At the very least, these cold H85 temps (good indicator of summit level
temps along the 4K peaks) will mean the high peaks in the 'Dacks and Vermont
(Ellen, the Hump, Manni, Jay) might not get out of the upper 30s for highs
on Wednesday!  1,500ft highs will be chilly in the low/mid 50s with near 60
or low 60s in the immediate CPV.  It certainly will feel like a fall day in
the mountains with 50s at the base and 30s at the summits.

Then on Wednesday night as the high pressure is cresting over our area,
temps should plummet in the mountain valleys.  Cold air drainage down the
mountains into the valleys will allow for a strong inversion to set up, so
the summits will remain in the upper 30s while the valleys drop to 30-35F. 
GFS MOS guidance has BTV at 37F, Morrisville/MVL at 34F, and Montpelier/MPV
at 38F on Wednesday morning.  The limiting factor for really cold temps will
be fog formation in the larger valleys...and the GFS is developing thick fog
over MPV and the Winooski River Valley by 3am Wed, resulting in a higher
guidance temp.  

I'm forecasting generally 30-35F over most of central/northern Vermont away
from the moderating influence of Lake Champlain (mainly spine and eastward)
except where dense fog forms...in areas of dense fog lows should hold in the
middle 30s.    Fog formation will be the main limiting factor for a
widespread frost.  The greater Champlain Valley will likely bottom out near
40F with 45-50F along the immediate lake front (my current location).

C'mon old man Winter!  Junkboard season is just around the corner, and frost
skiing is even closer 

-Scott  

From the Burlington NWS this morning:

.SHORT TERM /6 PM THIS EVENING THROUGH THURSDAY NIGHT/...
AS OF 255 AM EDT TUESDAY...MAIN FEATURE DURING THIS TIME PERIOD IS
THE BUILDING OF SURFACE HIGH PRESSURE AND DRY AIR OVER THE REGION.
THIS WILL GIVE US QUITE A BIT OF SUN ON WEDNESDAY AND THURSDAY.
SURFACE HIGH CENTERED RIGHT OVER THE TOP OF US WEDNESDAY
NIGHT...AND CLEAR SKIES AND NO WIND ALLOWING FOR GOOD RADIATIONAL
COOLING POTENTIAL. PROMISES TO BE COOLEST OF THE SEASON SO FAR IN
MANY SPOTS. WILL BE WIDE VARIABILITY IN OVERNIGHT LOWS WEDNESDAY
NIGHT...WITH VALLEYS...HOLLOWS AND OTHER LOW SPOTS POOLING THE
COLDEST AIR...AND MOUNTAIN SIDES AND MOUNTAIN TOPS ABOVE THE
INVERSION BEING WARMER. FIRST FREEZING TEMPS AND/OR FROST OF THE
SEASON A POSSIBILITY OUTSIDE THE LAKE CHAMPLAIN VALLEY.


----------



## GrilledSteezeSandwich (Sep 9, 2008)

Wow...that is scary stuff...I hope people are prepared for the widespread frost...please watch out for frostbite..


----------



## Greg (Sep 9, 2008)

Scott's back!
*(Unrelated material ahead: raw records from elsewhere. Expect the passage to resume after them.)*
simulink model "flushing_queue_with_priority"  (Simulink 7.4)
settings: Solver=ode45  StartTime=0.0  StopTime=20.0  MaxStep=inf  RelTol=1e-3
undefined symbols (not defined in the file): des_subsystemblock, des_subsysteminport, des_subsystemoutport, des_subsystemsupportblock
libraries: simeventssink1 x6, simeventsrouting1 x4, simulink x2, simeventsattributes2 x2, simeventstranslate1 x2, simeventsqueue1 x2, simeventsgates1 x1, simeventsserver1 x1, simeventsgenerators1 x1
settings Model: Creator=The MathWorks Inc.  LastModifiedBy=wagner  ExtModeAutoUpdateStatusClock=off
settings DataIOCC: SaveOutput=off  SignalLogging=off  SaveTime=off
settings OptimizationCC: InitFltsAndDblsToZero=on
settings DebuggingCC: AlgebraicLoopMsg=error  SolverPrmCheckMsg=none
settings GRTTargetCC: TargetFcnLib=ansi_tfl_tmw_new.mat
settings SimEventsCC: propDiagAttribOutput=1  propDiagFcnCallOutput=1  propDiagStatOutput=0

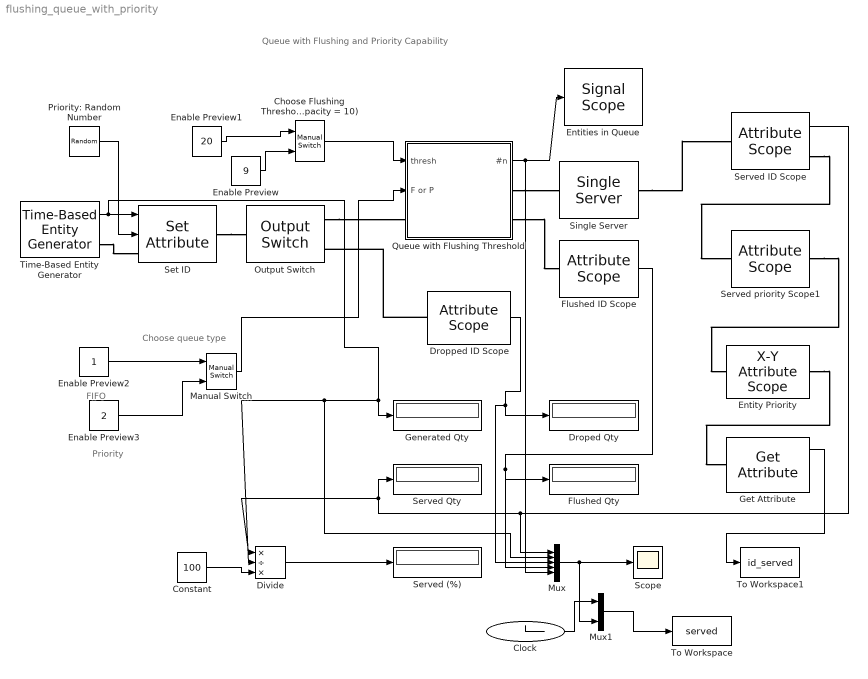
== system flushing_queue_with_priority ==
  note: Queue with Flushing and Priority Capability
  note: Choose queue type
  note: FIFO
  note: Priority
  Choose Flushing Threshold (queue capacity = 10) : simulink/Signal Routing/Manual Switch  SystemSampleTime=-1  sw=0  action=0  varsize=off
  Clock : Clock
      settings: Decimation=10
  Constant : Constant  Value=100  OutDataType=fixdt(1, 16)  OutScaling=2^0
  Divide : Product  Inputs=*/*  OutDataType=fixdt(1, 16)  OutScaling=2^-10
  Droped Qty : Display
  Dropped ID Scope : simeventssink1/Attribute Scope  Priority=1  SystemSampleTime=-1  PlotType=Stair  InputType=Attribute  NumInputs=1  AttributeNameY=ID  XInputOptionSignal=Event time  XInputOptionEntity=Event time  AttributeNameX=Count  EnableEntityOutport=off  XMin=0  XMax=10  XLimitExceededOption=Stretch axis limits  YLimitExceededOption=Stretch axis limits  AxisGrid=on  AxisLegend=off  LineDisables=""  LineColors=b  LineStyles=None  LineMarkers=.  OpenScopeAtSimStart=on  Title=ID of Dropped Entities  YLabel=ID  XLabel=Time  FigurePosition=[7 505 480 272]  AxisZoom=off  DataStoreOption=Limited  DataPointsLimit=10000  StatNumberArrived=On  ShowCountPlotted=on  ShowToolbar=off
      settings: YMin=0  YMax=10
  Enable Preview : Constant  Value=9  OutDataType=sfix(16)  OutScaling=2^0
  Enable Preview1 : Constant  Value=20  OutDataType=sfix(16)  OutScaling=2^0
  Enable Preview2 : Constant  Description=FIFO  OutDataType=sfix(16)  OutScaling=2^0
  Enable Preview3 : Constant  Description=FIFO  Value=2  OutDataType=sfix(16)  OutScaling=2^0
  Entities in Queue : simeventssink1/Signal Scope  Priority=1  SystemSampleTime=-1  PlotType=Stair  InputType=Signal  NumInputs=1  AttributeNameY=Count  XInputOptionSignal=Event time  XInputOptionEntity=Event time  AttributeNameX=Count  EnableEntityOutport=on  XMin=0  XMax=10  XLimitExceededOption=Stretch axis limits  YLimitExceededOption=Stretch axis limits  AxisGrid=on  AxisLegend=off  LineDisables=""  LineColors="1  0  0"  LineStyles=-  LineMarkers=.  OpenScopeAtSimStart=on  Title=Entities in Queue  YLabel=Entities  XLabel=Time  FigurePosition=[7 505 480 272]  AxisZoom=off  DataStoreOption=Limited  DataPointsLimit=10000  StatNumberArrived=Off  ShowCountPlotted=off  ShowToolbar=off
      settings: YMin=0  YMax=10
  Entity Priority : simeventssink1/X-Y Attribute Scope  Priority=1  SystemSampleTime=-1  PlotType=Continuous  InputType=Attribute  NumInputs=1  AttributeNameY=priority  XInputOptionSignal=Event time  XInputOptionEntity=Attribute  AttributeNameX=ID  EnableEntityOutport=on  XMin=0  XMax=50  XLimitExceededOption=Stretch axis limits  YLimitExceededOption=Stretch axis limits  AxisGrid=on  AxisLegend=off  LineDisables=""  LineColors=b  LineStyles=-  LineMarkers=diamond  OpenScopeAtSimStart=on  Title=Priority of entities (with path): The lower the number the more priority that entity gets  YLabel=Priority  XLabel=ID  FigurePosition=[7 505 480 272]  AxisZoom=off  DataStoreOption=Limited  DataPointsLimit=10000  StatNumberArrived=Off  ShowCountPlotted=on  ShowToolbar=off
      settings: YMin=-10  YMax=10
  Flushed ID Scope : simeventssink1/Attribute Scope  Priority=1  SystemSampleTime=-1  PlotType=Stair  InputType=Attribute  NumInputs=1  AttributeNameY=ID  XInputOptionSignal=Event time  XInputOptionEntity=Event time  AttributeNameX=Count  EnableEntityOutport=off  XMin=0  XMax=10  XLimitExceededOption=Stretch axis limits  YLimitExceededOption=Stretch axis limits  AxisGrid=on  AxisLegend=off  LineDisables=""  LineColors=b  LineStyles=None  LineMarkers=.  OpenScopeAtSimStart=on  Title=ID of Flushed Entities  YLabel=ID  XLabel=Time  FigurePosition=[7 505 480 272]  AxisZoom=off  DataStoreOption=Limited  DataPointsLimit=10000  StatNumberArrived=On  ShowCountPlotted=on  ShowToolbar=off
      settings: YMin=0  YMax=10
  Flushed Qty : Display
  Generated Qty : Display
  Get Attribute : simeventsattributes2/Get Attribute  Priority=1  DialogController=des_ddg_create  DialogControllerArgs=DataTag5  SystemSampleTime=-1  AttributeName=ID  AttributeMissing=Default value  AttributeDefaultValue=1  AttributeSendTiming=After entity departure  AttributeTreatAsVector=0  StatNumberDeparted=Off  EvaluatedDefaultAttributeValue={1}
  Manual Switch : simulink/Signal Routing/Manual Switch  SystemSampleTime=-1  sw=0  action=0  varsize=off
  Mux : Mux  Inputs=5
      settings: DisplayOption=signals
  Mux1 : Mux  Inputs=2
  Output Switch : simeventsrouting1/Output Switch  Priority=1  SystemSampleTime=-1  NumberOutputPorts=2  SwitchingCriterion=First port that is not blocked  InitialSeed=34567  AttributeName=Attribute1  InitialConditionsOpt=off  InitialConditions=1  EntityBufferOpt=off  SpecifyEventPriority=off  PriorityOutputSwitchSelectPort=4100  TimeoutPortOpt=off  StatNumberDeparted=Off  StatNumberTimedOut=Off  StatPendingEntity=Off  StatLastDeparturePort=Off  EvaluatedNumPorts=2
  Priority: Random Number : RandomNumber  Variance=10  SampleTime=0.1
  Queue with Flushing Threshold : Subsystem
  Scope : Scope
      settings: TimeRange=20  YMin=0  YMax=140
  Served (%) : Display
  Served ID Scope : simeventssink1/Attribute Scope  Priority=1  SystemSampleTime=-1  PlotType=Stair  InputType=Attribute  NumInputs=1  AttributeNameY=ID  XInputOptionSignal=Event time  XInputOptionEntity=Event time  AttributeNameX=Count  EnableEntityOutport=on  XMin=0  XMax=10  XLimitExceededOption=Stretch axis limits  YLimitExceededOption=Stretch axis limits  AxisGrid=on  AxisLegend=off  LineDisables=""  LineColors=b  LineStyles=None  LineMarkers=.  OpenScopeAtSimStart=on  Title=ID of Served Entities  YLabel=ID  XLabel=Time  FigurePosition=[7 505 480 272]  AxisZoom=off  DataStoreOption=Limited  DataPointsLimit=10000  StatNumberArrived=On  ShowCountPlotted=on  ShowToolbar=off
      settings: YMin=0  YMax=10
  Served Qty : Display
  Served priority Scope1 : simeventssink1/Attribute Scope  Priority=1  SystemSampleTime=-1  PlotType=Stair  InputType=Attribute  NumInputs=1  AttributeNameY=priority  XInputOptionSignal=Event time  XInputOptionEntity=Event time  AttributeNameX=Count  EnableEntityOutport=on  XMin=0  XMax=10  XLimitExceededOption=Stretch axis limits  YLimitExceededOption=Stretch axis limits  AxisGrid=on  AxisLegend=off  LineDisables=""  LineColors=b  LineStyles=None  LineMarkers=.  OpenScopeAtSimStart=on  Title=Priority of Served Entities  YLabel=priority  XLabel=Time  FigurePosition=[7 505 480 272]  AxisZoom=off  DataStoreOption=Limited  DataPointsLimit=10000  StatNumberArrived=Off  ShowCountPlotted=on  ShowToolbar=off
      settings: YMin=0  YMax=10
  Set ID : simeventsattributes2/Set Attribute  Priority=1  DialogController=des_ddg_create  DialogControllerArgs=DataTag25  SystemSampleTime=-1  AttributeFrom=Signal port|Signal port  AttributeName=ID|priority  AttributeTreatAsVector=1|1  AttributeValue=1|1  AttributeCreate=on  StatNumberDeparted=Off  EvaluatedAttributeValue={[];[]}
  Single Server : simeventsserver1/Single Server  Priority=1  SystemSampleTime=-1  ServiceTimeFrom=Dialog  ServiceTime=.27  AttributeName=ServiceTime  PriorityServiceCompletion=500  PermitPreemption=off  SortingAttributeName=PriorityAttributeName  SortingDirection=Ascending  WriteToAttribute=off  ResidualAttributeName=ResidualServiceTime  CreateAttribute=on  EnableTOPort=off  StatNumberDeparted=Off  StatNumberInBlock=Off  StatNumberPreempted=Off  StatPendingEntity=Off  StatAverageWait=Off  StatUtilization=Off  StatNumberTimedout=Off
  Time-Based Entity Generator : simeventsgenerators1/Entity Generators/Time-Based Entity Generator  Priority=1  DialogController=des_ddg_create  DialogControllerArgs=DataTag28  SystemSampleTime=-1  GenerateEntitiesUpon=Intergeneration time from dialog  Distribution=Exponential  Minimum=0  Maximum=.7  Mean=.15  InitialSeed=12345  Period=.3  PriorityEntityGeneration=600  GenerateEntityAtSimulationStart=off  ResponseWhenBlocked=Error  ResponseWhenUnblocked=Immediate restart  EntityType=Blank  StatNumberDeparted=On  StatPendingEntity=Off  StatAverageIntergenerationTime=Off
  To Workspace : ToWorkspace  VariableName=served  SampleTime=-1  SaveFormat=Array
  To Workspace1 : ToWorkspace  VariableName=id_served  SampleTime=-1  SaveFormat=Array
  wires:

Ski season is definitely on its way!


----------



## powderfreak (Sep 9, 2008)

GrilledSteezeSandwich said:


> Wow...that is scary stuff...I hope people are prepared for the widespread frost...please watch out for frostbite..



I picked up some extra bread and milk earlier today.


----------



## Trekchick (Sep 10, 2008)

*32 Degrees in the Mitten*

As I posted on Epic...........
Its Dark o' thirty in the AM here in Michigan, and 32 degrees F.
You know what that means?

Besides the fact the my tomatoes froze
Tick Tick Tick........


----------



## GrilledSteezeSandwich (Sep 10, 2008)

powderfreak said:


> I picked up some extra bread and milk earlier today.



Welcome Back Scott!!! We look forward to all your weather and ski reports.  For hardy New Englanders 32 degrees is still sandals weather but down here in MASH Mid Atlantic Ski Hell..when we get frost..everybody will be wearing big puffy parkas..


----------



## billski (Sep 10, 2008)

Time to start shopping for new snow tires.

Seriously.  It's going to be a wicked bad winter this year


----------



## roark (Sep 10, 2008)

billski said:


> Time to start shopping for new snow tires.
> 
> Seriously. It's going to be a wicked bad winter this year


Done. Tire Rack had a great deal on blizzak revos a couple months ago.

Bring on winter!


----------



## powderfreak (Sep 10, 2008)

Greg said:


> Scott's back! Ski season is definitely on its way!



Greg...hope you guys over here at AZ had a fantastic summer but its official, we are on the downward trend now towards winter.  I love weather and the outdoors but hate the summer with a passion.  I'm so excited to be able to forecast some cold-related wx events that meaningless frost forecasts turn into multiple paragraph storm summaries, haha.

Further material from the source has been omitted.